Ich brauch das aber, weil ich den povray tracer mit kpovmodeler ausprobieren will! Hat jemand eine lösung?  :Sad: 

----------

## viz

Es wuerde vielleicht nicht schaden, einmal die Dokumentation der

NVIDIA Treiber zu durchstoebern, zumal die fuer viele Dinge

und Probleme dieser Art eine Antwort parat haelt. ;] 

Ansonsten, editiere /etc/X11/XF86Config mit dem Lieblingseditor

Deiner Wahl und ersetze da den Standard X Treiber fuer Nvidia "nv"

durch "nvidia". Ebenfalls waere es ratsam, das "glx" Modul in

besagter Config zu aktivieren. Anschliessend noch den Befehl

"opengl-update nvidia ", und der X Server sollte nun die Nvidia

Treiber verwenden.

Zu deinem Compilierungsabbruch: Bist Du noch im Besitz deiner

Kernel Sourcen? Mir scheint, dass dein System nicht weiss, fuer

welchen Kernel er das Nvidia Modul bauen soll.

Just my 2 cents..  :Rolling Eyes: 

Gruss,

tobias

----------

## viz

ps: weiss nicht, ob dieses opengl-update nvidia wirklich noetig ist,

zumal man ja die Nvidia Treiber ja bereits in der XF86Config angibt..

ich lasse mich gerne eines besseren belehren.   :Surprised: 

 *Quote:*   

> 
> 
> ...dein System nicht weiss, fuer
> 
> welchen Kernel er...
> ...

 

s/er/es/

:]

----------

## format c:

Hi Deever

Ich weiss jetzt nicht, wie es bei dir mit grsecure aussieht. Aber ich bekomme diese Fehlermeldung, wenn ich die Nvidia-Treiber bei einem kernel mit aktiviertem grsecure installiere und dann X versuche zu starten.

Leider ist es mir bisher noch nicht gelungen, das zu Lösen. Ich habe so einen kernel, wenn ich die Nvidia-Treiber nutzen will, und einen, wenn ich grsecure nutze.

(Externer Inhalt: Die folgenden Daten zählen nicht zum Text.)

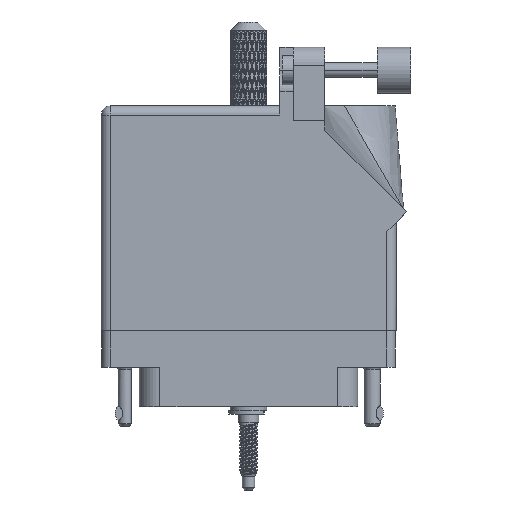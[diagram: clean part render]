
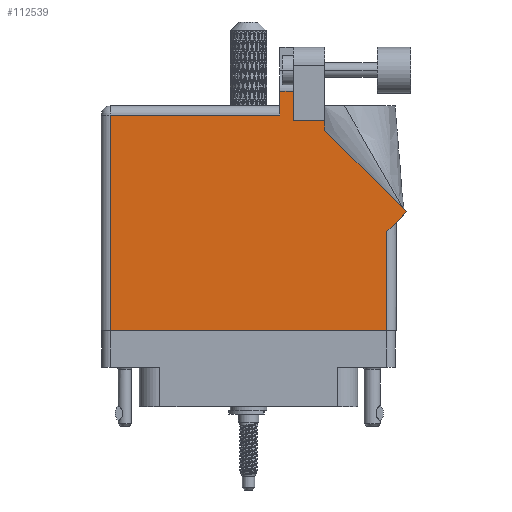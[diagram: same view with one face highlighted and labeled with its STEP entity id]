
A CAD part, front view. The second image highlights one B-rep face of the part: STEP entity #112539.
In plain terms, the highlighted face is planar.
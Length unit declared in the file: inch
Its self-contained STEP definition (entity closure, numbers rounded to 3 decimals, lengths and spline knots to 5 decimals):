
#2213 = VERTEX_POINT ( 'NONE', #93330 ) ;
#6910 = VERTEX_POINT ( 'NONE', #49806 ) ;
#8343 = VERTEX_POINT ( 'NONE', #82761 ) ;
#9027 = EDGE_CURVE ( 'NONE', #20042, #6910, #67213, .T. ) ;
#10022 = EDGE_CURVE ( 'NONE', #20432, #24844, #103950, .T. ) ;
#12344 = VECTOR ( 'NONE', #84381, 39.37008 ) ;
#15179 = LINE ( 'NONE', #66519, #12344 ) ;
#15563 = DIRECTION ( 'NONE',  ( -1., 0., 0. ) ) ;
#18558 = ORIENTED_EDGE ( 'NONE', *, *, #105708, .T. ) ;
#20042 = VERTEX_POINT ( 'NONE', #105803 ) ;
#20432 = VERTEX_POINT ( 'NONE', #29278 ) ;
#20991 = CARTESIAN_POINT ( 'NONE',  ( 0.306, 1.33, 0.455 ) ) ;
#23196 = CARTESIAN_POINT ( 'NONE',  ( 0.212, 1.5315, 0.455 ) ) ;
#24538 = DIRECTION ( 'NONE',  ( 0., -1., 0. ) ) ;
#24844 = VERTEX_POINT ( 'NONE', #23196 ) ;
#29278 = CARTESIAN_POINT ( 'NONE',  ( 0.306, 1.5315, 0.455 ) ) ;
#30466 = LINE ( 'NONE', #85957, #51499 ) ;
#31627 = DIRECTION ( 'NONE',  ( -1., 0., 0. ) ) ;
#33089 = ORIENTED_EDGE ( 'NONE', *, *, #37993, .T. ) ;
#35552 = VECTOR ( 'NONE', #36162, 39.37008 ) ;
#35929 = EDGE_CURVE ( 'NONE', #8343, #87829, #67365, .T. ) ;
#36162 = DIRECTION ( 'NONE',  ( -1., 0., 0. ) ) ;
#36179 = VECTOR ( 'NONE', #65380, 39.37008 ) ;
#37851 = VECTOR ( 'NONE', #84677, 39.37008 ) ;
#37993 = EDGE_CURVE ( 'NONE', #6910, #72873, #101806, .T. ) ;
#38670 = CARTESIAN_POINT ( 'NONE',  ( 0.943, 0.575, 0.455 ) ) ;
#39369 = CARTESIAN_POINT ( 'NONE',  ( 0.519, 1.33, 0.455 ) ) ;
#39503 = CARTESIAN_POINT ( 'NONE',  ( -1.005, -0.1, 0.455 ) ) ;
#41857 = ORIENTED_EDGE ( 'NONE', *, *, #43467, .T. ) ;
#42331 = DIRECTION ( 'NONE',  ( 0., 1., 0. ) ) ;
#42336 = ORIENTED_EDGE ( 'NONE', *, *, #113026, .T. ) ;
#43467 = EDGE_CURVE ( 'NONE', #87829, #107526, #72060, .T. ) ;
#44791 = CARTESIAN_POINT ( 'NONE',  ( 0.63677, 1.5315, 0.455 ) ) ;
#46058 = VERTEX_POINT ( 'NONE', #38670 ) ;
#46714 = CARTESIAN_POINT ( 'NONE',  ( 0.212, 1.43, 0.455 ) ) ;
#47023 = DIRECTION ( 'NONE',  ( 0., 1., 0. ) ) ;
#47407 = CARTESIAN_POINT ( 'NONE',  ( 0.519, 1.26442, 0.455 ) ) ;
#49806 = CARTESIAN_POINT ( 'NONE',  ( 0.519, 1.26442, 0.455 ) ) ;
#51004 = VECTOR ( 'NONE', #102614, 39.37008 ) ;
#51499 = VECTOR ( 'NONE', #42331, 39.37008 ) ;
#51833 = EDGE_CURVE ( 'NONE', #24844, #2213, #83597, .T. ) ;
#52048 = EDGE_CURVE ( 'NONE', #107526, #46058, #30466, .T. ) ;
#52255 = CARTESIAN_POINT ( 'NONE',  ( -0.943, -0.1, 0.455 ) ) ;
#53904 = ORIENTED_EDGE ( 'NONE', *, *, #52048, .T. ) ;
#56227 = VECTOR ( 'NONE', #67028, 39.37008 ) ;
#57884 = CARTESIAN_POINT ( 'NONE',  ( 1.07571, 0.70771, 0.455 ) ) ;
#58439 = CARTESIAN_POINT ( 'NONE',  ( -1.005, 1.368, 0.455 ) ) ;
#59381 = LINE ( 'NONE', #112349, #51004 ) ;
#59400 = CARTESIAN_POINT ( 'NONE',  ( -0.943, -0.1, 0.455 ) ) ;
#59776 = EDGE_CURVE ( 'NONE', #72873, #89813, #59381, .T. ) ;
#63714 = VECTOR ( 'NONE', #111660, 39.37008 ) ;
#65380 = DIRECTION ( 'NONE',  ( 0., -1., 0. ) ) ;
#66519 = CARTESIAN_POINT ( 'NONE',  ( 0.306, 1.33, 0.455 ) ) ;
#66788 = DIRECTION ( 'NONE',  ( 0., 0., -1. ) ) ;
#67028 = DIRECTION ( 'NONE',  ( 0.707, 0.707, 0. ) ) ;
#67213 = LINE ( 'NONE', #57884, #37851 ) ;
#67365 = LINE ( 'NONE', #52255, #88210 ) ;
#69597 = EDGE_CURVE ( 'NONE', #2213, #8343, #87880, .T. ) ;
#69616 = EDGE_LOOP ( 'NONE', ( #18558, #102629, #103164, #72042, #103165, #41857, #53904, #42336, #79811, #33089, #113735 ) ) ;
#72042 = ORIENTED_EDGE ( 'NONE', *, *, #69597, .T. ) ;
#72060 = LINE ( 'NONE', #39503, #63714 ) ;
#72873 = VERTEX_POINT ( 'NONE', #39369 ) ;
#79811 = ORIENTED_EDGE ( 'NONE', *, *, #9027, .T. ) ;
#80882 = VECTOR ( 'NONE', #47023, 39.37008 ) ;
#82761 = CARTESIAN_POINT ( 'NONE',  ( -0.943, 1.368, 0.455 ) ) ;
#83597 = LINE ( 'NONE', #46714, #36179 ) ;
#84381 = DIRECTION ( 'NONE',  ( 0., 1., 0. ) ) ;
#84677 = DIRECTION ( 'NONE',  ( -0.707, 0.707, 0. ) ) ;
#85957 = CARTESIAN_POINT ( 'NONE',  ( 0.943, 0.637, 0.455 ) ) ;
#86174 = PLANE ( 'NONE',  #101151 ) ;
#87829 = VERTEX_POINT ( 'NONE', #59400 ) ;
#87880 = LINE ( 'NONE', #58439, #90660 ) ;
#88210 = VECTOR ( 'NONE', #24538, 39.37008 ) ;
#89813 = VERTEX_POINT ( 'NONE', #20991 ) ;
#90660 = VECTOR ( 'NONE', #15563, 39.37008 ) ;
#93099 = CARTESIAN_POINT ( 'NONE',  ( 1.005, 0.637, 0.455 ) ) ;
#93330 = CARTESIAN_POINT ( 'NONE',  ( 0.212, 1.368, 0.455 ) ) ;
#96562 = LINE ( 'NONE', #93099, #56227 ) ;
#97510 = CARTESIAN_POINT ( 'NONE',  ( 0.943, -0.1, 0.455 ) ) ;
#101151 = AXIS2_PLACEMENT_3D ( 'NONE', #103006, #66788, #31627 ) ;
#101806 = LINE ( 'NONE', #47407, #80882 ) ;
#102399 = FACE_OUTER_BOUND ( 'NONE', #69616, .T. ) ;
#102614 = DIRECTION ( 'NONE',  ( -1., 0., 0. ) ) ;
#102629 = ORIENTED_EDGE ( 'NONE', *, *, #10022, .T. ) ;
#103006 = CARTESIAN_POINT ( 'NONE',  ( -1.005, 1.43, 0.455 ) ) ;
#103164 = ORIENTED_EDGE ( 'NONE', *, *, #51833, .T. ) ;
#103165 = ORIENTED_EDGE ( 'NONE', *, *, #35929, .T. ) ;
#103950 = LINE ( 'NONE', #44791, #35552 ) ;
#105708 = EDGE_CURVE ( 'NONE', #89813, #20432, #15179, .T. ) ;
#105803 = CARTESIAN_POINT ( 'NONE',  ( 1.07571, 0.70771, 0.455 ) ) ;
#107526 = VERTEX_POINT ( 'NONE', #97510 ) ;
#111660 = DIRECTION ( 'NONE',  ( 1., 0., 0. ) ) ;
#112349 = CARTESIAN_POINT ( 'NONE',  ( 0.519, 1.33, 0.455 ) ) ;
#112539 = ADVANCED_FACE ( 'NONE', ( #102399 ), #86174, .F. ) ;
#113026 = EDGE_CURVE ( 'NONE', #46058, #20042, #96562, .T. ) ;
#113735 = ORIENTED_EDGE ( 'NONE', *, *, #59776, .T. ) ;

Beides zusammen habe ich trotz Spielens mit den grsecure Optionen noch nicht hinbekommen. Ich probiere es immer wieder mal. Vielleicht gibt es da neben den Kerneloptionen noch weitere Konfigurationsmöglichkeiten, aber die habe ich bisher noch nicht genutzt. Bin aber z.Z. dabei mich weiter in grsecure einzulesen. Ist ganz schön komplex das Biest.

Falls du bei sonst gleicher Konfiguration einen neuen kernel ohne grsecure compilerst, würde mich das Ergebnis brennend interessieren. (Hast du zufällig auch über 960 MB RAM ?)

mfg

----------

## mglauche

hast du noch den kernel unter /usr/src/linux/ ?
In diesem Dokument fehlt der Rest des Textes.